- PROMPT:
All of the data below should be repeated exactly. Pictures should not be included.

- RECORDS SHOWN:

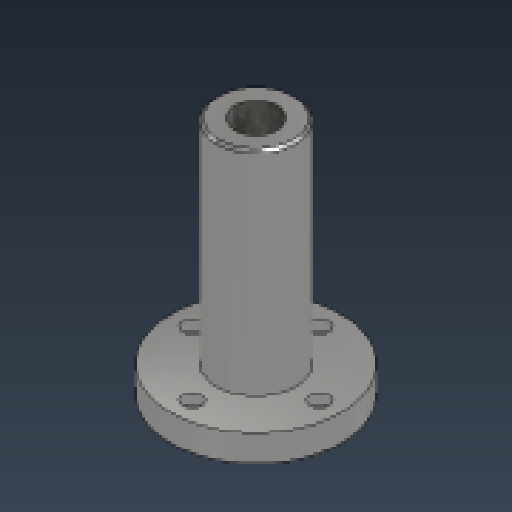
# Autodesk Inventor part: Łożysko liniowe z kołnierzem okrągłym LMF08UU-L
Saved by Autodesk Inventor 2025.2 (Build 292293000, 293)
## iProperties
Created: 2025-04-13
Part Number: Łożysko liniowe z kołnierzem okrągłym LMF08UU-L
Material: Stainless Steel
Document SubType Name: Modeling
Designer: Kacper Mik
Density: 8 g/cm^3
Appearance: Semi-Polished
Mass: 67.1779 g
Surface Area: 52.807 cm^2
Volume: 8.39724 cm^3
Author: Kacper Mik
Autodesk Inventor part; units mm, degrees
ref_plane "YZ Plane" through (0, 0, 0) normal (1, 0, 0) x (0, 1, 0)
ref_plane "XZ Plane" through (0, 0, 0) normal (0, 1, 0) x (-1, 0, 0)
ref_plane "XY Plane" through (0, 0, 0) normal (0, 0, 1) x (1, 0, 0)
sketch "Sketch1" plane through (0, 0, 0) normal (0, 1, 0) x (-1, 0, 0)
  circle A0 centre (0, 0) radius 16
  dimension "d0" = 32
  constraints: 1 centre point, 1 coincident
  measures "d0" diameter of A0
extrude "Extrusion1" add sketch "Sketch1" along normal blind 5
sketch "Sketch2" plane through (0, 5, 0) normal (0, 1, 0) x (1, 0, 0)
  circle A0 centre (0, 0) radius 7.5
  dimension "d3" = 15
  constraints: 1 centre point, 1 coincident
  measures "d3" diameter of A0
extrude "Extrusion2" add sketch "Sketch2" along normal blind 40
sketch "Sketch3" plane through (0, 0, 0) normal (0, -1, 0) x (1, 0, 0)
  circle A0 centre (0, 0) radius 12 construction
  point P0 (0, 12)
  point P1 (12, 0)
  point P2 (0, -12)
  point P3 (-12, 0)
  dimension "d6" = 24
  constraints: 4 point on circle, 2 horizontal alignment, 2 vertical alignment, 1 centre point, 1 coincident
  measures "d6" diameter of A0
hole "Hole1" at (0, 0, 12) at (12, 0, 0) at (0, 0, -12) at (-12, 0, 0) direction (0, 1, 0) diameter 3.5 end through all counterbore diameter 6 counterbore depth 3.1 clearance for "Hex Head Cap Screw ISO 24017" size "M3" standard "ISO"
sketch "Sketch4" plane through (0, 0, 0) normal (0, -1, 0) x (1, 0, 0)
  point P0 (0, 0)
  point P1 (0, 0)
  constraints: 1 coincident
hole "Hole2" at (0, 0, 0) direction (0, 1, 0) diameter 8 end through all
sketch "Sketch5" plane through (0, 0, 0) normal (0, -1, 0) x (1, 0, 0)
  circle A0 centre (0, 0) radius 5
  circle A1 centre (0, 0) radius 6
  dimension "d21" = 10
  dimension "d22" = 12
  constraints: 2 centre point, 2 coincident
  measures "d21" diameter of A0
  measures "d22" diameter of A1
extrude "Extrusion3" cut sketch "Sketch5" against normal blind 0.2
chamfer "Chamfer1" distance 0.5 angle 45 1 edges at (-7.5, 45, 0)
body "Solid1"

- ANSWER TO THIS PROBLEM:
# Autodesk Inventor part: Łożysko liniowe z kołnierzem okrągłym LMF08UU-L
Saved by Autodesk Inventor 2025.2 (Build 292293000, 293)
## iProperties
Created: 2025-04-13
Part Number: Łożysko liniowe z kołnierzem okrągłym LMF08UU-L
Material: Stainless Steel
Document SubType Name: Modeling
Designer: Kacper Mik
Density: 8 g/cm^3
Appearance: Semi-Polished
Mass: 67.1779 g
Surface Area: 52.807 cm^2
Volume: 8.39724 cm^3
Author: Kacper Mik
Autodesk Inventor part; units mm, degrees
ref_plane "YZ Plane" through (0, 0, 0) normal (1, 0, 0) x (0, 1, 0)
ref_plane "XZ Plane" through (0, 0, 0) normal (0, 1, 0) x (-1, 0, 0)
ref_plane "XY Plane" through (0, 0, 0) normal (0, 0, 1) x (1, 0, 0)
sketch "Sketch1" plane through (0, 0, 0) normal (0, 1, 0) x (-1, 0, 0)
  circle A0 centre (0, 0) radius 16
  dimension "d0" = 32
  constraints: 1 centre point, 1 coincident
  measures "d0" diameter of A0
extrude "Extrusion1" add sketch "Sketch1" along normal blind 5
sketch "Sketch2" plane through (0, 5, 0) normal (0, 1, 0) x (1, 0, 0)
  circle A0 centre (0, 0) radius 7.5
  dimension "d3" = 15
  constraints: 1 centre point, 1 coincident
  measures "d3" diameter of A0
extrude "Extrusion2" add sketch "Sketch2" along normal blind 40
sketch "Sketch3" plane through (0, 0, 0) normal (0, -1, 0) x (1, 0, 0)
  circle A0 centre (0, 0) radius 12 construction
  point P0 (0, 12)
  point P1 (12, 0)
  point P2 (0, -12)
  point P3 (-12, 0)
  dimension "d6" = 24
  constraints: 4 point on circle, 2 horizontal alignment, 2 vertical alignment, 1 centre point, 1 coincident
  measures "d6" diameter of A0
hole "Hole1" at (0, 0, 12) at (12, 0, 0) at (0, 0, -12) at (-12, 0, 0) direction (0, 1, 0) diameter 3.5 end through all counterbore diameter 6 counterbore depth 3.1 clearance for "Hex Head Cap Screw ISO 24017" size "M3" standard "ISO"
sketch "Sketch4" plane through (0, 0, 0) normal (0, -1, 0) x (1, 0, 0)
  point P0 (0, 0)
  point P1 (0, 0)
  constraints: 1 coincident
hole "Hole2" at (0, 0, 0) direction (0, 1, 0) diameter 8 end through all
sketch "Sketch5" plane through (0, 0, 0) normal (0, -1, 0) x (1, 0, 0)
  circle A0 centre (0, 0) radius 5
  circle A1 centre (0, 0) radius 6
  dimension "d21" = 10
  dimension "d22" = 12
  constraints: 2 centre point, 2 coincident
  measures "d21" diameter of A0
  measures "d22" diameter of A1
extrude "Extrusion3" cut sketch "Sketch5" against normal blind 0.2
chamfer "Chamfer1" distance 0.5 angle 45 1 edges at (-7.5, 45, 0)
body "Solid1"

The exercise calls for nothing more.